During the pandemic, a salon owner decided to give away extra beauty products, offering them up to any front-line workers in the group.

McLeod said there are plenty of tools that a homeowner might need to use just once, and she herself was able to borrow a salad bowl that she needed for entertaining. She’s seen people give away items such as children’s clothing.

“If you can just borrow something from a friend or from someone in the Buy Nothing group, or you can re-purpose something that somebody else is no longer using, I think it’s a great way to reduce waste and it just cuts down on unnecessary consumption,” McLeod said. “And people can save a little bit of money. So it’s a win-win in a lot of ways.”

She said the University District Buy Nothing has grown a little more slowly than she might have expected, but suggested it’s a new concept for Nanaimo. Another Buy Nothing Group, for the Lower Millstream neighbourhood, was started just this past fall and Brian Short, one of the administrators of that group, said he sees potential for it to grow.

He said of the three R’s, most people recycle, but could do better with reducing and re-using, and he said a Buy Nothing group can help with those concepts. It also creates the sense of a small group of neighbours helping each other out, he said.

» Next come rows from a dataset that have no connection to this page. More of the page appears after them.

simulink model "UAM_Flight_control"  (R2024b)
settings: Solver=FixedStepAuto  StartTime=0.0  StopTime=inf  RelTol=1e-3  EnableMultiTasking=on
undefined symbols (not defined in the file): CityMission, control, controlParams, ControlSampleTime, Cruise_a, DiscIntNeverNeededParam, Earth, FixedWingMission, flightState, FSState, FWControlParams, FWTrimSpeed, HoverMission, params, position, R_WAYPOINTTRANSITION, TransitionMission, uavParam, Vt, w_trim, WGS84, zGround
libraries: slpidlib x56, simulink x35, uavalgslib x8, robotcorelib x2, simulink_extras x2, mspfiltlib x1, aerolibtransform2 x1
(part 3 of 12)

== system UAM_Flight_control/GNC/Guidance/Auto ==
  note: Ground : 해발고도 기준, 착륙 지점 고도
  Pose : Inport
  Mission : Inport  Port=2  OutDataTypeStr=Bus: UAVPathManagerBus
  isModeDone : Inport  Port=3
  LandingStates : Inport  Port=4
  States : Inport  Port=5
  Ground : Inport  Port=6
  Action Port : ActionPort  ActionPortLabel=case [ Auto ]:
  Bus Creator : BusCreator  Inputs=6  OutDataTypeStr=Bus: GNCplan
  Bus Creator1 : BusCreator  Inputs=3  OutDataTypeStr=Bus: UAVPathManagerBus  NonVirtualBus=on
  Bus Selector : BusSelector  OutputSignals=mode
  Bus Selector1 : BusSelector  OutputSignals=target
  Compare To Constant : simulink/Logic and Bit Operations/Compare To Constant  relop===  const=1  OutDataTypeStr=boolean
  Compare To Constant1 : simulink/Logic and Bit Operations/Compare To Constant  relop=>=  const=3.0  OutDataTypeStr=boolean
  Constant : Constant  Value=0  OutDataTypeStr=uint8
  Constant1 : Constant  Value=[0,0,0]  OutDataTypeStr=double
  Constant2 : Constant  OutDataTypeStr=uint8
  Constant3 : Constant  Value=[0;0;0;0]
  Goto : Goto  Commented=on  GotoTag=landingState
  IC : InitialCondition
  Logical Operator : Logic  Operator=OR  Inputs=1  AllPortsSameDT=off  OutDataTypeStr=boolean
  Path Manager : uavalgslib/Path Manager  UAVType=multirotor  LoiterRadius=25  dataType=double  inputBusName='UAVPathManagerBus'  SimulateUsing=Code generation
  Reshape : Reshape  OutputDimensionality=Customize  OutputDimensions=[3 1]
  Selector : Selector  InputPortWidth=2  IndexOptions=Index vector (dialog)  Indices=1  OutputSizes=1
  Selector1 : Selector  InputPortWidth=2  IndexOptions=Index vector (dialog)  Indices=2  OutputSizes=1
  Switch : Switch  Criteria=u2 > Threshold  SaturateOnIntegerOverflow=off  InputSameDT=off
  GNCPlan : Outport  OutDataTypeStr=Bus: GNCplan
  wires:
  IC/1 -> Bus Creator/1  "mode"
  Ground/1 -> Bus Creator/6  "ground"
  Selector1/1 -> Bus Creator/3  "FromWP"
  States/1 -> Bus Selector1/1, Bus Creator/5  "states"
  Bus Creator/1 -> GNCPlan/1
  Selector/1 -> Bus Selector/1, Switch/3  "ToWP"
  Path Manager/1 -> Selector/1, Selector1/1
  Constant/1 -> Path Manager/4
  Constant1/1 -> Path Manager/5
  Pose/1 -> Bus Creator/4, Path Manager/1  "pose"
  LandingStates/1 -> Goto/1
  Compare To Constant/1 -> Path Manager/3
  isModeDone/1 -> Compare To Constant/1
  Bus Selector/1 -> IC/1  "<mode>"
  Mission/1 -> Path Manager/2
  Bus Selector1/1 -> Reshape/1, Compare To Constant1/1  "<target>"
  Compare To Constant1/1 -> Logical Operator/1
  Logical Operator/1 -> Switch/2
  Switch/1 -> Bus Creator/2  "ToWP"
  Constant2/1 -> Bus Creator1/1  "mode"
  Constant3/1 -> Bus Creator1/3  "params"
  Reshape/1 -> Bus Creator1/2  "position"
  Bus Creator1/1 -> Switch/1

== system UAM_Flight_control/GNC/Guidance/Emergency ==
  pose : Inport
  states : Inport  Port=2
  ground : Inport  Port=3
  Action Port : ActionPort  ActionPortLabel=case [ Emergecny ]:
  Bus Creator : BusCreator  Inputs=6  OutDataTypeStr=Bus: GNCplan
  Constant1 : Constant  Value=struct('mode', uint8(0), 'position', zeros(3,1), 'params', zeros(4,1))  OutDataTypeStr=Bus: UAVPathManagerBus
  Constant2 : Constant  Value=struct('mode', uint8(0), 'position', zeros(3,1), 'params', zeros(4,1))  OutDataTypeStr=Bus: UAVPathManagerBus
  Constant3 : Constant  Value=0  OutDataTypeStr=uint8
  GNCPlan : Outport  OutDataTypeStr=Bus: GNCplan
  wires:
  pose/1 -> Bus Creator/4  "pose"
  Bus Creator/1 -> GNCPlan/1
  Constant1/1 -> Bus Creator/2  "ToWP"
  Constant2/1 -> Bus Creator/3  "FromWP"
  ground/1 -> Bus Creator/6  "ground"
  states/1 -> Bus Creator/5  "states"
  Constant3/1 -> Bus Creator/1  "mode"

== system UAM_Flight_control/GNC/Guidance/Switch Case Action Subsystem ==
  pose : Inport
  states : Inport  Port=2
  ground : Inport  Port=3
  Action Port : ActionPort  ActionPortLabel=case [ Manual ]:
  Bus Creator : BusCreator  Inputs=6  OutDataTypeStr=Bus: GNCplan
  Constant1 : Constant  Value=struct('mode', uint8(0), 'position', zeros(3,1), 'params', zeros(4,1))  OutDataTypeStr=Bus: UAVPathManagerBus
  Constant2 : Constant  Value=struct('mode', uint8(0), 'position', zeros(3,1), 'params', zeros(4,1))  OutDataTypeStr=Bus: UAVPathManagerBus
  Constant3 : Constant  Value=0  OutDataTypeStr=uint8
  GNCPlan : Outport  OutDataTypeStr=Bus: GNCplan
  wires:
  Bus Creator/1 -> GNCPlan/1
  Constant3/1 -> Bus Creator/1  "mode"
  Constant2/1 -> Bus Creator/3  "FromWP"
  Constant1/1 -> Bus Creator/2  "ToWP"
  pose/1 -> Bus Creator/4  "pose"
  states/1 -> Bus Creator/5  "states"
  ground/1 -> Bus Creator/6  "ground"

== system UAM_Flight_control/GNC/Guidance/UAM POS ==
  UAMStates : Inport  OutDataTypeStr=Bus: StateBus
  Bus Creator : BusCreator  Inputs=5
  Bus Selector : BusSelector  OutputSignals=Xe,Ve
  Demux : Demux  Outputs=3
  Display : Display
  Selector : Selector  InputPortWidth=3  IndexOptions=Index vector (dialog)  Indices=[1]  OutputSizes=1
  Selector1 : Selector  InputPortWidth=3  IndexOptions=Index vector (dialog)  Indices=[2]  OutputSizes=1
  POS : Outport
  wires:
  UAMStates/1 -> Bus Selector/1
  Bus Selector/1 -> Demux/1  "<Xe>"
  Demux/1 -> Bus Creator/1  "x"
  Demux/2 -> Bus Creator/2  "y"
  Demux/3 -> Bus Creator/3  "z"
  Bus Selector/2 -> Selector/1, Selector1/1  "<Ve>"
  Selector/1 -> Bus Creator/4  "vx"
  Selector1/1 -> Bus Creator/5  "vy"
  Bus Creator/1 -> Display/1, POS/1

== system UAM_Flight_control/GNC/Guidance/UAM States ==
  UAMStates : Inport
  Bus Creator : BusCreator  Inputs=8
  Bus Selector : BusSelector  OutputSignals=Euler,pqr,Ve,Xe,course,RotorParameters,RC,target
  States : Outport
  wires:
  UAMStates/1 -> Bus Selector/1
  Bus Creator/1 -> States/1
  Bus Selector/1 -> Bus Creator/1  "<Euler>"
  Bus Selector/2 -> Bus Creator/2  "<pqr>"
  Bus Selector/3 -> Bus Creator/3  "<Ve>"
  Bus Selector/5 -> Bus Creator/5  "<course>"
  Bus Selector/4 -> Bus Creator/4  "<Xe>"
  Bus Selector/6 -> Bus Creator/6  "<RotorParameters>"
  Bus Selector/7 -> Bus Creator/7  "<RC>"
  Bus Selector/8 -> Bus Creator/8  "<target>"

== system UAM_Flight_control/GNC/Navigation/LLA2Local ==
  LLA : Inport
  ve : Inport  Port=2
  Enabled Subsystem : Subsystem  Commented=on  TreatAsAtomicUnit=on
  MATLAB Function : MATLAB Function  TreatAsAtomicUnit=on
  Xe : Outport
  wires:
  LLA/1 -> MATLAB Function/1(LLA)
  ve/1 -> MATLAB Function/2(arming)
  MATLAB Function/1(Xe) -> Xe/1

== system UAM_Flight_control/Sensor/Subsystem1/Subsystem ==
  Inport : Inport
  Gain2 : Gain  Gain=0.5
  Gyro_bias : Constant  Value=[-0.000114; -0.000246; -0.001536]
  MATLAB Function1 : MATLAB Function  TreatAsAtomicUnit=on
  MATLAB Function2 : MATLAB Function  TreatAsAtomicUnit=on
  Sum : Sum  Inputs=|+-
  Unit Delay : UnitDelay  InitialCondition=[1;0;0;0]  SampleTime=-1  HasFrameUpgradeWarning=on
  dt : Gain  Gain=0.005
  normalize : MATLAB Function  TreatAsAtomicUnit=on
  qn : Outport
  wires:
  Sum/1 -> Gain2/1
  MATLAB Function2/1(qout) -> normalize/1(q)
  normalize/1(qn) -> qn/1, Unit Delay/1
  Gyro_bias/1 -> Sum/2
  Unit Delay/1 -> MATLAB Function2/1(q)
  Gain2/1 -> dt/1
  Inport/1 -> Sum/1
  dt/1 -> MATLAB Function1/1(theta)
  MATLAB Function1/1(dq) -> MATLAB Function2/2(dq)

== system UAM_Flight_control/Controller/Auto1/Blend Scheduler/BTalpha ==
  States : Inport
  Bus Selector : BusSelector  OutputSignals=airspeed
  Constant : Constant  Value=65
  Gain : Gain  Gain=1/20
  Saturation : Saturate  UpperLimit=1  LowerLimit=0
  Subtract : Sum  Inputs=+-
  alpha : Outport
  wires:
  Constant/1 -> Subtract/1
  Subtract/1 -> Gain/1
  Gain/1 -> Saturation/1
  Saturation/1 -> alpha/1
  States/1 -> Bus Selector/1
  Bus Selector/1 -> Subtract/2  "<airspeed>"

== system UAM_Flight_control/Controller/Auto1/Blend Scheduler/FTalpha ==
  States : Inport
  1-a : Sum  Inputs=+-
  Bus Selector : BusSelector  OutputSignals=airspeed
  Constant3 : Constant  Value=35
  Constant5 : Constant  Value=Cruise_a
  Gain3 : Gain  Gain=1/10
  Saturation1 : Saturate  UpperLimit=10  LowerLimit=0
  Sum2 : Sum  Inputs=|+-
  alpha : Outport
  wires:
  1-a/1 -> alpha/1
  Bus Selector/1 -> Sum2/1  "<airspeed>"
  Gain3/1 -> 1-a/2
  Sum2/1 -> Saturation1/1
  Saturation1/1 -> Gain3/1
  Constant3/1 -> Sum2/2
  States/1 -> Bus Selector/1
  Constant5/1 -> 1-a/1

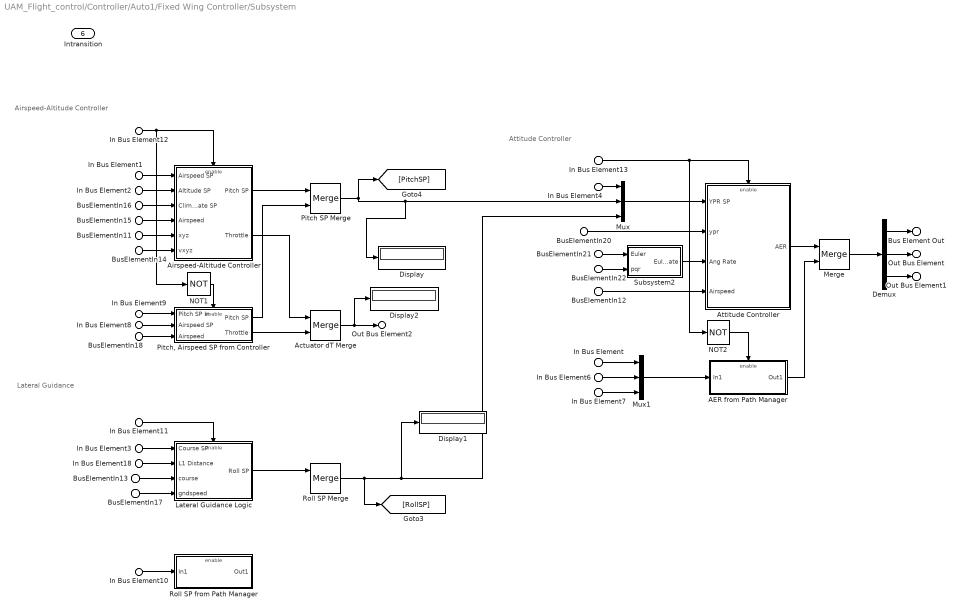
== system UAM_Flight_control/Controller/Auto1/Fixed Wing Controller/Subsystem ==
  note: Airspeed-Altitude Controller
  note: Lateral Guidance
  note: Attitude Controller
  BusElementIn11 : Inport  PortName=States  Element=Xe
  BusElementIn12 : Inport  PortName=States  Element=airspeed
  BusElementIn15 : Inport  PortName=States  Element=airspeed
  BusElementIn18 : Inport  PortName=States  Element=airspeed
  BusElementIn13 : Inport  PortName=States  Element=course
  BusElementIn16 : Inport  PortName=States  Element=course
  BusElementIn14 : Inport  PortName=States  Element=Ve_ground
  BusElementIn17 : Inport  PortName=States  Element=gndspeed
  BusElementIn20 : Inport  PortName=States  Element=YPR
  BusElementIn21 : Inport  PortName=States  Element=Euler
  BusElementIn22 : Inport  PortName=States  Element=pqr
  In Bus Element11 : Inport  Port=2  PortName=Control Mode  Element=lateralGuidance
  In Bus Element12 : Inport  Port=2  PortName=Control Mode  Element=airspeedAltitude
  In Bus Element13 : Inport  Port=2  PortName=Control Mode  Element=attitude
  In Bus Element1 : Inport  Port=3  PortName=AAC SP  Element=airspeed
  In Bus Element2 : Inport  Port=3  PortName=AAC SP  Element=altitude
  In Bus Element18 : Inport  Port=3  PortName=AAC SP  Element=L1
  In Bus Element3 : Inport  Port=3  PortName=AAC SP  Element=course
  In Bus Element4 : Inport  Port=4  PortName=FixedWingSP  Element=yaw
  In Bus Element9 : Inport  Port=4  PortName=FixedWingSP  Element=pitch
  In Bus Element10 : Inport  Port=4  PortName=FixedWingSP  Element=roll
  In Bus Element8 : Inport  Port=4  PortName=FixedWingSP  Element=airspeed
  In Bus Element : Inport  Port=5  PortName=AERT  Element=aileron
  In Bus Element6 : Inport  Port=5  PortName=AERT  Element=elevator
  In Bus Element7 : Inport  Port=5  PortName=AERT  Element=rudder
  Intransition : Inport  Port=6
  AER from Path Manager : Subsystem  TreatAsAtomicUnit=on
  Actuator dT Merge : Merge
  Airspeed-Altitude Controller : Subsystem
  Attitude Controller : Subsystem
  Demux : Demux  Outputs=3
  Display : Display
  Display1 : Display
  Display2 : Display
  Lateral Guidance Logic : Subsystem
  Merge : Merge
  Mux : Mux  Inputs=3
  Mux1 : Mux  Inputs=3
  NOT1 : Logic  Operator=NOT  IconShape=distinctive  AllPortsSameDT=off  OutDataTypeStr=boolean
  NOT2 : Logic  Operator=NOT  IconShape=distinctive  AllPortsSameDT=off  OutDataTypeStr=boolean
  Pitch SP Merge : Merge
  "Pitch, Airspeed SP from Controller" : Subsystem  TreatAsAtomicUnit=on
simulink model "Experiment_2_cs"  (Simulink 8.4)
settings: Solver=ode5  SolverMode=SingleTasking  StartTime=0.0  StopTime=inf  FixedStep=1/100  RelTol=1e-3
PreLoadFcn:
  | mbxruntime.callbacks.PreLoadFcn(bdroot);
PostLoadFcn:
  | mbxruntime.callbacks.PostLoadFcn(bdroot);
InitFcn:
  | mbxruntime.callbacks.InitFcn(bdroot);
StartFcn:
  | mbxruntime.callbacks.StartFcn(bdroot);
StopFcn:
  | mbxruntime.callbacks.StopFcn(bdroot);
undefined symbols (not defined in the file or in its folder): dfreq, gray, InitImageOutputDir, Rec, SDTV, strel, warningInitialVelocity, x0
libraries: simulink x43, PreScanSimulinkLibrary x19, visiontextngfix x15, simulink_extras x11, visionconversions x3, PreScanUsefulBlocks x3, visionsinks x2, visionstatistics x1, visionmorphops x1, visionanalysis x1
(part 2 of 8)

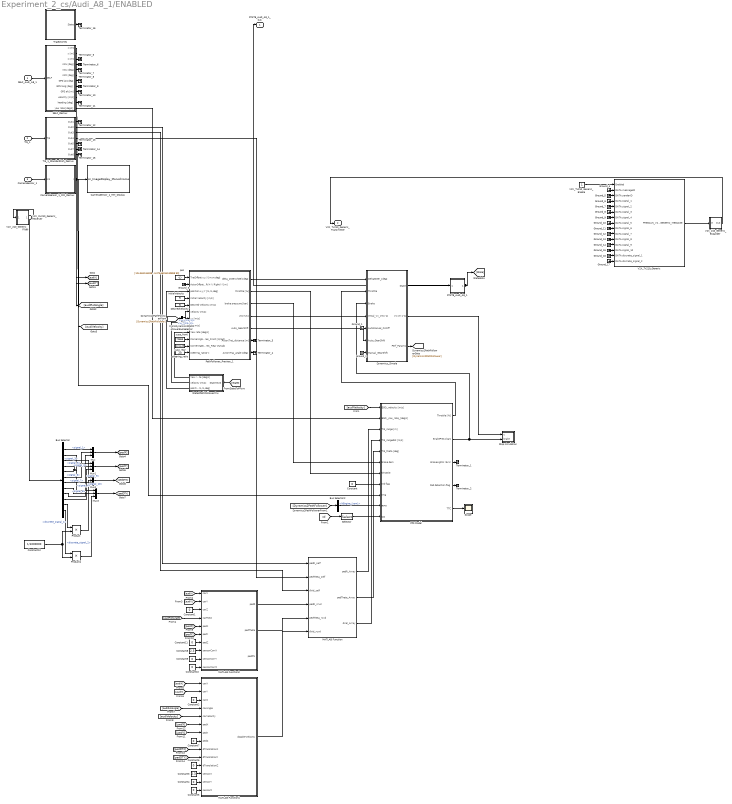
== system Experiment_2_cs/Audi_A8_1/ENABLED ==
  SELF_Audi_A8_1 : Inport  Tag=inport/SelfPort  OutDataTypeStr=Bus: PRESCAN_SELFSENSORDATA  PortDimensions=1  SampleTime=1/100  BusOutputAsStruct=on
  TIS_1 : Inport  Tag=inport/TIS  Port=2  OutDataTypeStr=Bus: PRESCAN_SCANNERSENSOR_MESSAGE  PortDimensions=3  SampleTime=1/50  BusOutputAsStruct=on
  CameraSensor_1 : Inport  Tag=inport/Camera/CameraSensor  Port=3  OutDataTypeStr=uint8  SampleTime=1/50  BusOutputAsStruct=on
  V2X_Rx210_Generic_Receiver : Inport  Tag=inport/plugin/sfun_V2X_Generic_Receiver  Port=4  BusOutputAsStruct=on
  Bus Selector : BusSelector  OutputSignals=DATA.signal_1,DATA.signal_2,DATA.signal_3,DATA.signal_4,DATA.signal_5,DATA.signal_6,DATA.signal_7,DATA.signal_8,DATA.signal_9,DATA.signal_10,DATA.discrete_signal_1,DATA.discrete_signal_2
  Bus Selector2 : BusSelector  OutputSignals=NEngine_[rpm]
  CameraSensor_1_MM_Demux : Subsystem  Tag=demux/Camera/Monochrome  mask{SensorName=CameraSensor_1, hres=500, vres=375}
      mask prompts: SensorName "Sensor Name"; hres "Horizontal Resolution"; vres "Vertical Resolution"
      mask Help: eval('openHelp(457)')
      mask Display:
      | fprintf('MONO CAMERA:\n Monochrome\n %s \n %d x %d px',SensorName,hres,vres)
      | port_label('output',1,'I')
  CameraSensor_1_MM_Display : M-S-Function  Tag=CameraSensor_Monochrome_Display  InitFcn=InitImageOutputDir(gcb);  FunctionName=fcn_ImageDisplay_Monochrome  Parameters=SensorName EnableDisplay EnablePosition DisplayPosition FigureHandle SaveResults BitmapFormat TempOutputDir CameraType DataType  mask(PreScan Monochrome Display Block){SensorName=CameraSensor_1, EnableDisplay=on, EnablePosition=off, DisplayPosition=[10 10 500 375], FigureHandle=10901, SaveResults=off, Format=PNG, TempOutputDir=0, CameraType=Mono, DataType=uint8}
      mask prompts: SensorName "User Specified: Title of Display"; EnableDisplay "Active"; EnablePosition "Set Display window position"; DisplayPosition "Display window position [xpos ypos width height]"; FigureHandle "Unique handle"; SaveResults "Save results"; TempOutputDir "OutputDir"; CameraType "Camera Type"; DataType "Image Data Type"
      mask help: This block displays the Monochrome output of a PreScan camera sensor.
      mask init:
      | if EnableDisplay
      |     EnableString='';
      |     EnableColor='gray';
      | else
      |     EnableString='INACTIVE';
      |     EnableColor='red';
      | end
      | switch Format
      |     case 1
      |         BitmapFormat = 'png';
      |     case 2
      |         BitmapFormat = 'bmp';
      |     case 3
      |         BitmapFormat = 'jpg';
      | end
      | if CameraType==1
      |     CameraTypeName='MONO';
      |     PortNumber=0;
      | else
      |     CameraTypeName='STEREO';
      |     PortNumber=1;
      | end
      settings: CopyFcn=CopyFcnDisplay  DeleteFcn=PreScanBlockDeleteFcn;  ModelCloseFcn=fcn_ImageDisplay_ModelCloseFcn
      mask Help: eval('openHelp(457)')
      mask Callback EnablePosition:
      | MV=get_param(gcb,'MaskVisibilities');
      | if strcmp(get_param(gcb,'EnablePosition'),'on')
      |     MV{4}='on';
      | else
      |     MV{4}='off';
      | end
      | set_param(gcb,'MaskVisibilities',MV);
      | clear MV;
      mask TypeOptions Format: PNG | BMP | JPG
      mask TypeOptions CameraType: Mono | Stereo
      mask TypeOptions DataType: uint8 | single
      mask Display:
      | color(EnableColor);
      | fprintf('%s\n DISPLAY:\n Monochrome\n %s',EnableString,SensorName)
      | port_label('input',1,'I')
      | port_label('input',PortNumber+1,'I')
  Constant{,1..2,4..7,9..11} (10 alike) : Constant  Value=0
  Constant12 : Constant  Value=1/1000000
  Constant3 : Constant  Value=2.3
  Constant8 : Constant  Value=2.3
  DesiredVelocity : Constant  Tag=DesiredVelocity  Value=9
  Dynamics_Simple : Subsystem  Tag=Simple_Vehicle_Dynamics  mask(PreScan Block: Simple Dynamics){Migrate=on, TimeStep=1/100, ComputationMode=Continuous_Time}
      mask prompts: Migrate "Migrate. During migration this block will be replaced by a newer one."; TimeStep "Auto assigned: Time Step [s]"; ComputationMode "Computation mode:"
      mask help:
      | The Simple Dynamics Model is selected in the GUI to simulate vehicle dynamics behavior.
      |
      | The Simple Dynamics Model is completely open to the user. The parameters of this model can be set in the Simple Dynamics dialog in the GUI.
      |
      | For more information, please click Help.
      mask init:
      | p = SimpleDyn_pars;
      settings: DeleteFcn=PreScanBlockDeleteFcn;
      mask Help: eval('openHelp(220)')
      mask Display:
      | image(imread('SimpleDyn.png'))
      | port_label('input', 1, '{\delta}_S_t_ _e_e_r [deg]','texmode','on')
      | port_label('input', 2, 'Throttle [%]')
      | port_label('input', 3, 'Brake Pres [bar]')
      | port_label('input', 4, 'V_0 [ms-1]','texmode','on')
      | port_label('input', 5, 'Auto=[0]/Manual=[1]')
      | port_label('input', 6, 'Auto_GearShift')
      | port_label('input', 7, 'Manual_GearShift')
      | port_label('output', 1, 'State')
      | port_label('output', 2, 'Vx [ms-1]')
      | port_label('output', 3, 'Perf Params')
  FromDynamics2PathFollowerBusSelector : BusSelector  OutputSignals=vx_[ms-1],vy_[ms-1]
  Ground_{1..17} (17 alike) : Ground
  InitialVelocity : Constant  Tag=InitialVelocity  Value=9
  MATLAB Function : MATLAB Function  TreatAsAtomicUnit=on
  MATLAB Function1 : MATLAB Function  TreatAsAtomicUnit=on
  MATLAB Function2 : MATLAB Function  TreatAsAtomicUnit=on
  Mux{,1..3} (4 alike) : Mux  Inputs=3
  PPS Model : Subsystem  mask(PPS Model){MaxSpeed=70, MaxBrakePressure=150, BrakeDelay=100, LaneWidth=3.5, TISMaxRange=40, TISMaxTheta=60, TISfreq=25, TISdet=32, Camfreq=50, Mainfreq=100, DisplaySwitch=on, DisplayFreq=25, RadarSwitch=on, RadarFreq=25}
      mask prompts: MaxSpeed "Vehicle cut-off speed [km/h]"; MaxBrakePressure "Maximum value of braking pressure available [bar]"; BrakeDelay "Braking system delay [ms]"; LaneWidth "Lane width [m]"; TISMaxRange "TIS maximum range [m]"; TISMaxTheta "TIS maximum theta [deg]"; TISfreq "TIS frequency [Hz]"; TISdet "Max. number of Radar detected objects [-]"; Camfreq "Camera frequency [Hz]"; Mainfreq "Compilation sheet frequency [Hz]"; DisplaySwitch "Show EGO parameters visualization"; DisplayFreq "EGO parameters visualization frequency [Hz]"; RadarSwitch "Show radar visualization"; RadarFreq "Radar frequency [Hz]"
      mask help: PreScan Experiment and Pedestrian Protection System parameters
      mask Help: eval('openHelp(8130)')
      mask Callback DisplaySwitch:
      | en = get_param(gcb,'MaskEnables');
      | switch get_param(gcb, 'DisplaySwitch')
      |     case 'off'
      |         en{12} = 'off';
      |     case 'on'
      |         en{12} = 'on';
      | end
      | set_param(gcb,'MaskEnables',en);
      mask Callback RadarSwitch:
      | en = get_param(gcb,'MaskEnables');
      | switch get_param(gcb, 'RadarSwitch')
      |     case 'off'
      |         en{14} = 'off';
      |     case 'on'
      |         en{14} = 'on';
      | end
      | set_param(gcb,'MaskEnables',en);
  PathFollower_Preview_1 : Subsystem  Tag=PathFollower_Preview  mask(PreScan Block: Path Follower with Preview){Migrate=on, FileName='Trajectory_2.mat', mass=1820, Jzz=3746, length_a=2.94 - 1.77, length_l=2.94, Angle_Max_SteeringWheel=500, PreviewTime=1, DelayTime=0.1, LowSpeedLimit=20, MaxSteeringRate=1200, CSSampleTime=1/100, PFIntegrationFrequency=100}
      mask prompts: Migrate "Migrate. During migration this block will be replaced by a newer one."; FileName "Trajectory Name"; mass "Mass vehicle total [kg]"; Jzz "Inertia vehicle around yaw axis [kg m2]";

“We need more building community, especially now with COVID,” said Short. “It’s really isolating people, but at the same time, it’s an opportunity to grow smaller groups and online groups.”

McLeod said she hasn’t been made aware of any issues with Buy Nothing members taking advantage of others, and said people seem to understand “the purpose of the gifting economy and what it’s about” and follow the group’s guidelines. She said anyone interested in starting a Buy Nothing group in another part of town can find more information at this link.

“I think it can really work anywhere in Nanaimo where people are interested in it and where they want to embrace the concept of it,” she said.

This feel-good story is part of the #WereInThisTogether campaign by Black Press Media. Have an uplifting story that you think would bring joy to readers? Email your story, photos and videos to wereinthistogether@blackpress.ca.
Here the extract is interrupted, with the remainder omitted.